───── Input records ─────

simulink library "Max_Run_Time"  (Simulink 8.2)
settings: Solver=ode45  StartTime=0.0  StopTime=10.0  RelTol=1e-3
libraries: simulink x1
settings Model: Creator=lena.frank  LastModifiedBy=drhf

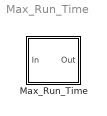
== system Max_Run_Time ==
  Max_Run_Time : Subsystem  mask(Maximum Running Time){tmaxrun=5}
      mask prompts: tmaxrun "Maximum operation time in s"
      mask help: Keeps the output to the input level until either the maximum running time is reached or the input is set to zero.
      mask Help: web(fullfile(path_carnot('help'),'Max_Run_Time.html'),'-helpbrowser')
      mask Display:
      | plot(-20,-30,120,100,[10,20,40,60,80,90,90,80,60,40,20,10,10],[40,20,10,10,20,40,60,80,90,90,80,60,40],[55,46],[95,95],[50,50],[90,95],[50,50,24],[88,50,66],[10,13],[50,50],[90,87],[50,50],[50,50],[10,15])
      | disp('\n\nMax On')

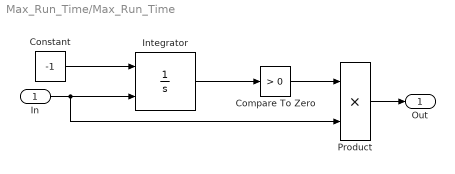
== system Max_Run_Time/Max_Run_Time ==
  In : Inport
  Compare To Zero : simulink/Logic and Bit Operations/Compare To Zero  relop=>  OutDataTypeStr=uint8
  Constant : Constant  Value=-1
  Integrator : Integrator  ExternalReset=rising  InitialCondition=tmaxrun  LimitOutput=on  LowerSaturationLimit=0
  Product : Product  RndMeth=Zero
  Out : Outport
  wires:
  Product/1 -> Out/1
  In/1 -> Integrator/2, Product/2
  Compare To Zero/1 -> Product/1
  Integrator/1 -> Compare To Zero/1
  Constant/1 -> Integrator/1

─────

* Task statement *
Leave out the pictures and copy the rest of the material above exactly.

* Result for this task *
simulink library "Max_Run_Time"  (Simulink 8.2)
settings: Solver=ode45  StartTime=0.0  StopTime=10.0  RelTol=1e-3
libraries: simulink x1
settings Model: Creator=lena.frank  LastModifiedBy=drhf

== system Max_Run_Time ==
  Max_Run_Time : Subsystem  mask(Maximum Running Time){tmaxrun=5}
      mask prompts: tmaxrun "Maximum operation time in s"
      mask help: Keeps the output to the input level until either the maximum running time is reached or the input is set to zero.
      mask Help: web(fullfile(path_carnot('help'),'Max_Run_Time.html'),'-helpbrowser')
      mask Display:
      | plot(-20,-30,120,100,[10,20,40,60,80,90,90,80,60,40,20,10,10],[40,20,10,10,20,40,60,80,90,90,80,60,40],[55,46],[95,95],[50,50],[90,95],[50,50,24],[88,50,66],[10,13],[50,50],[90,87],[50,50],[50,50],[10,15])
      | disp('\n\nMax On')

== system Max_Run_Time/Max_Run_Time ==
  In : Inport
  Compare To Zero : simulink/Logic and Bit Operations/Compare To Zero  relop=>  OutDataTypeStr=uint8
  Constant : Constant  Value=-1
  Integrator : Integrator  ExternalReset=rising  InitialCondition=tmaxrun  LimitOutput=on  LowerSaturationLimit=0
  Product : Product  RndMeth=Zero
  Out : Outport
  wires:
  Product/1 -> Out/1
  In/1 -> Integrator/2, Product/2
  Compare To Zero/1 -> Product/1
  Integrator/1 -> Compare To Zero/1
  Constant/1 -> Integrator/1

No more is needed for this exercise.